The House on Wednesday passed Republican legislation rejecting President Biden’s student debt cancellation, while failing to override his veto of a bipartisan effort to reimpose tariffs on Chinese solar companies.

The votes marked the latest in a series of efforts, led mostly by Republicans, to roll back Mr. Biden’s regulatory agenda through favored bills under the Congressional Overhaul Act.

The chamber voted 218 to 203 to scuttle Mr. Biden’s loan cancellation plan, which is estimated to be worth more than $300 billion and to end the federal government’s pause on loan repayments, legislation that would , according to Republicans, is about fairness.

Representative Bob Good, Republican of Virginia, who authored the legislation, called the debt relief program “reckless, unfair, illegal, unconstitutional.”

“Cancelling the student loan doesn’t make the debt go away,” Mr Good said on the House floor. “It just shifts the costs out of the student loan and onto hard-working American taxpayers.”

Two Democrats defected to vote with Republicans. Mr Biden’s loan forgiveness is facing legal challenges, with the Supreme Court due to rule on the constitutionality of the relief in the coming months.

The measure now faces consideration in the Democratic-led Senate, where under the Congressional Review Act it usurps the 60-vote filibuster from the chamber and will only require a simple majority. If passed, Mr Biden has vowed to veto it.

The administration says the vast majority – nearly 90% – of the rebate would go to those earning less than $75,000 and that the Department of Education has constitutional authority.

“This resolution is an unprecedented attempt to undermine our historic economic recovery and would deny more than 40 million hard-working Americans much-needed student debt relief,” the Office of Management and White House budget in its veto threat. “The Department of Education’s action is based on decades-old authority granted by Congress.”

In a separate vote, the House failed to muster the two-thirds majority needed to override Mr. Biden’s veto of a bipartisan measure that would have slapped Chinese solar panel makers with tariffs frozen by the government. administration.

The vote was 214 to 205, with eight Democrats and eight Republicans crossing party lines.

The Commerce Department found last year that Chinese companies were smuggling signs into Southeast Asian countries to circumvent US trade laws. Yet Mr Biden waived tariffs on foreign players until the summer of 2024 in a decision that sided with clean energy advocates over fears that domestic solar projects could lose ground. access to a cheap foreign source of panels.

The goal, according to administration officials, is to allow domestic solar panel producers to catch up and benefit from clean energy tax credits passed by Congress last year.

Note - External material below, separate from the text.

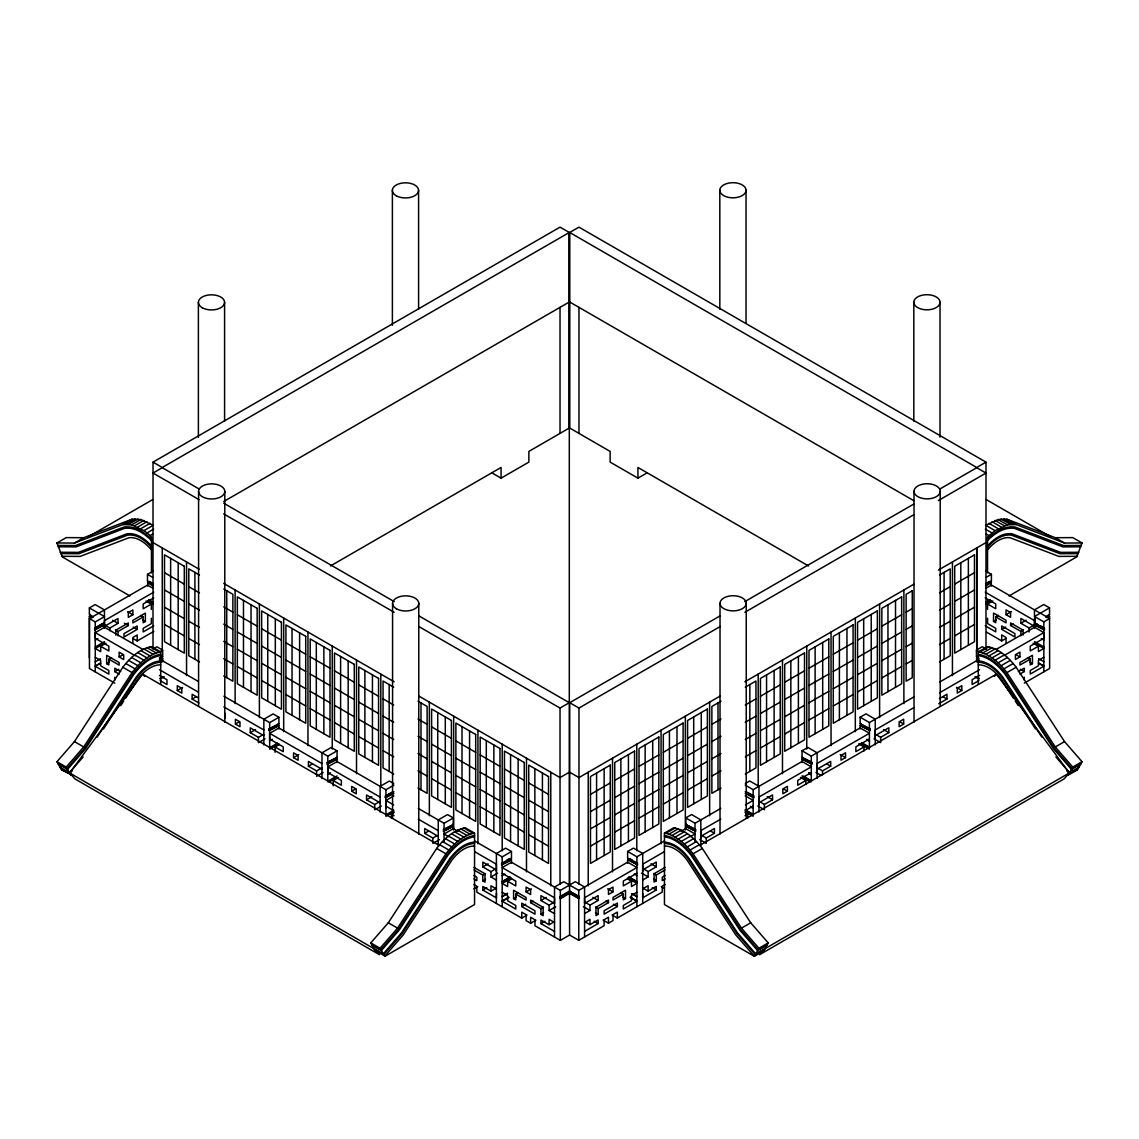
<?xml version="1.0" encoding="UTF-8"?>
<svg xmlns="http://www.w3.org/2000/svg" width="1139" height="1139" viewBox="0 0 1139 1139"><rect width="100%" height="100%" fill="white"/><g stroke="black" fill="none" stroke-linecap="round" stroke-linejoin="round"><path stroke-width="1.5" d="M985.99 649.073L985.99 462.135L578.968 227.145L569.699 232.484L569.699 428.022L610.134 451.414L610.134 462.107L637.925 478.152L637.925 467.46L808.576 565.983M95.263 671.882L95.263 632.643L104.532 627.29L143.001 649.501M104.389 628.144L104.432 620.641L153.68 592.209M337.059 762.603L337.059 759.129L327.22 764.141L327.22 762.475L337.059 757.463L337.059 750.829L327.804 756.182L278.927 727.978L269.672 733.331L269.63 740.777L272.278 739.254M393.88 785.155L385.936 789.74L337.059 761.55L327.804 766.889L327.761 774.349L330.41 772.812M385.893 807.907L385.936 800.461L393.88 795.876M642.667 871.677L642.709 864.174L664.251 851.73M700.798 838.105L700.841 830.602L720.845 819.055M758.93 804.547L758.973 797.044L811.295 766.832L802.027 761.493L753.164 789.683L745.219 785.098M817.062 770.989L817.104 763.486L869.427 733.274L860.173 727.921L811.295 756.125L802.027 750.772L802.027 757.407L811.879 762.418L811.879 764.084L802.027 759.072L802.027 762.546M875.208 737.417L875.25 729.914L913.72 707.703M496.39 897.689L496.433 893.432M1043.837 671.825L1043.837 632.586L1034.568 627.233L996.098 649.444M1009.054 595.953L1076.64 556.928L1082.05 542.961L1072.781 537.622L1055.284 537.708L1006.919 519.213L998.148 519.541L985.804 525.293L995.059 530.646L1007.417 524.894L1016.173 524.566L1064.552 543.061L1082.05 542.961M768.213 942.907L758.944 948.26L754.36 956.304L664.45 904.537L664.45 833.122L673.704 827.782C685.706 830.06 695.132 839.087 702.336 848.455L750.715 922.804L768.213 942.907L763.628 950.951L754.36 956.304L735.78 934.948L687.116 860.159A31.109 17.968 60 0 0 664.877 846.078L664.45 846.12M1082.05 761.72L1077.466 769.765L1067.371 774.776L1068.197 775.118L1072.781 767.074L1082.05 761.72L1064.552 741.603L1016.173 667.255C1008.969 657.901 999.544 648.874 987.541 646.582L978.287 651.935L978.287 684.34M120.734 705.625L123.624 701.183M125.546 698.221L138.047 678.958A31.109 17.968 -60 0 1 160.286 664.877L160.713 664.92M61.534 769.765L71.629 774.776L61.534 769.765L56.95 761.72L74.448 741.603L122.827 667.255C130.031 657.901 139.456 648.874 151.459 646.582L160.713 651.935L160.713 684.34M70.803 775.118L66.219 767.074L83.716 746.956L132.081 672.608C139.3 663.24 148.725 654.213 160.713 651.935M97.199 737.061L136.253 677.05C142.261 669.291 150.448 661.617 160.713 660.891M103.492 728.946L136.851 677.677C142.674 670.159 150.704 662.684 160.713 662.215M388.285 922.804L436.664 848.455C443.868 839.087 453.294 830.06 465.296 827.782L474.55 833.122L474.55 904.537L385.466 955.977L375.372 950.951L370.787 942.907L388.285 922.804L397.554 928.143L445.918 853.794C453.137 844.44 462.562 835.414 474.55 833.122M69.678 772.982L374.247 948.83L379.429 954.71L74.861 778.862L69.678 772.982L142.589 674.103L439.469 845.508M987.541 549.938L987.969 549.411A31.109 17.968 -60 0 1 1010.222 537.807L1058.871 556.402L1077.466 556.302M83.119 756.951L69.422 772.683L60.153 767.344M72.17 770.847L69.878 773.495L60.609 768.142M474.55 846.12L474.123 846.078A31.109 17.968 -60 0 0 451.884 860.159L403.22 934.948L384.64 956.304L380.056 948.26L397.554 928.143M994.347 676.452L996.411 674.103L1069.322 772.982L1064.139 778.862L759.571 954.71L764.753 948.83L1069.322 772.982M987.541 545.908C993.692 539.146 1002.32 532.525 1012.016 533.807L1060.58 552.372L1078.847 552.287M987.541 547.233C993.493 540.527 1001.907 533.906 1011.418 535.131L1060.025 553.711L1078.391 553.611M995.059 530.646L987.541 536.953L987.541 572.889M987.541 539.288C994.703 532.141 1004.441 525.478 1015.063 527.044L1063.484 545.553L1081.196 545.453M987.541 540.555C994.518 533.508 1004.043 526.859 1014.465 528.368L1062.915 546.891L1080.74 546.791M153.01 649.073L153.01 462.135L560.032 227.145L569.301 232.484L569.301 428.022L528.866 451.414L528.866 462.107L501.075 478.152L491.806 472.813M56.95 542.961L66.219 537.622L83.716 537.708L132.081 519.213L140.852 519.541L153.196 525.293L143.941 530.632L131.583 524.894L122.827 524.566L74.448 543.061L56.95 542.961L62.36 556.928L129.946 595.953M74.448 543.061L83.716 537.708M88.13 536.868L152.74 499.58M122.827 524.566L132.081 519.213M125.817 524.267L135.071 518.914M128.636 524.381L137.904 519.028M131.583 524.894L140.852 519.541M134.616 525.777L143.884 520.423M137.705 527.044L146.974 521.69M140.823 528.667L150.077 523.314M143.941 530.632L147.031 532.938L153.637 529.122M147.031 532.938L150.049 535.558L152.697 534.02M223.742 501.516L569.301 302.006M93.327 616.854L89.355 614.576L89.355 607.927L95.163 604.581L104.432 609.92L104.532 627.29M152.783 584.065L147.486 581.004L147.486 574.369L153.309 571.009M147.486 581.004L148.07 582.328L153.366 585.389M89.355 657.886L89.355 616.227L92.586 617.423M147.486 586.144L148.07 582.328M114.811 683.172L89.454 668.536L89.454 618.577L147.486 585.09L152.783 588.137M89.454 618.577L95.263 621.922L104.532 616.583L89.355 607.927M94.679 628.23L103.948 622.876L94.679 628.23L94.679 629.895L104.532 624.87M94.679 629.895L103.948 624.542L103.948 622.876M104.432 626.35L118.015 618.52L118.015 623.318L109.857 628.03L109.857 630.707M153.737 597.89L143.172 603.983L143.172 608.796L151.33 604.083L151.33 609.436M132.864 614.747L128.323 617.366L128.323 612.568L132.864 609.934L132.864 614.747L127.568 611.686M95.22 640.09L97.869 638.566M115.366 629.967L118.015 631.49L128.323 625.539L128.323 622.962L115.822 630.18L115.822 635.192M143.172 616.954L132.864 622.919L132.864 620.342L145.365 613.124L145.365 621.481L143.172 622.748L143.172 616.954L140.538 615.43M95.22 647.037L104.489 641.698M104.532 643.165L95.263 648.518L100.688 651.636L100.688 646.297L105.984 643.236M137.207 629.397L123.98 637.043L123.98 633.64L137.207 626.009L137.207 629.397L133.235 627.105M153.737 625.824L143.172 631.917L143.172 628.344L151.33 623.631L151.33 618.235M95.22 661.802L100.517 658.741M133.235 638.666L137.207 640.958L153.85 631.348M95.263 666.101L100.559 663.055M100.559 663.24L95.263 666.287L108.846 674.131L108.846 670.544L100.688 665.845L100.688 660.449L95.263 657.317M108.846 659.168L119.154 665.119L119.154 662.556L106.653 655.338L106.653 663.695L108.846 664.962L108.846 659.168L111.494 657.644M106.653 663.695L109.301 662.172M119.154 656.961L123.695 659.581L123.695 654.768L119.154 652.149L119.154 656.961L123.126 654.669M154.206 648.319L156.855 646.781L162.663 650.141L162.663 656.776L160.015 658.314M120.691 671.611L114.811 668.209L114.811 671.611L118.783 669.319M158.691 652.433L162.663 650.141M159.432 657.972L162.663 656.776M159.432 659.638L162.663 658.442L162.663 661.916M160.015 659.965L162.663 658.442M160.015 662.385L162.663 660.862L198.058 681.293M330.424 565.983L501.075 467.46L501.075 478.152M160.015 678.26L162.663 676.723M160.143 679.086L164.116 676.794M177.285 690.519L181.827 693.138L181.827 688.34L177.285 685.721L177.285 690.519L182.582 687.458M198.186 697.78L192.149 694.292L192.149 699.09L196.122 696.797M637.925 478.152L647.194 472.813M235.417 724.077L239.973 726.71L239.973 721.898L235.417 719.279L235.417 724.077L239.389 721.784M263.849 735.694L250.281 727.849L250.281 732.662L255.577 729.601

Rep. Dan Kildee of Michigan, the lead Democratic author of the legislation, said a tariff break is akin to “rewarding the worst behavior.”

“When companies explicitly try to evade our trade laws, to circumvent them, there is no other choice. We have to hold them accountable. And that is why Congress, with strong bipartisan votes in both the House and the Senate, acted on our legislation,” Mr. Kildee said on the floor. “The Biden administration’s Commerce Department investigation found that companies are evading U.S. tariffs on solar imports by circumventing these provisions. However, the administration suspended the execution of this case. This is not acceptable for the specific workers I represent.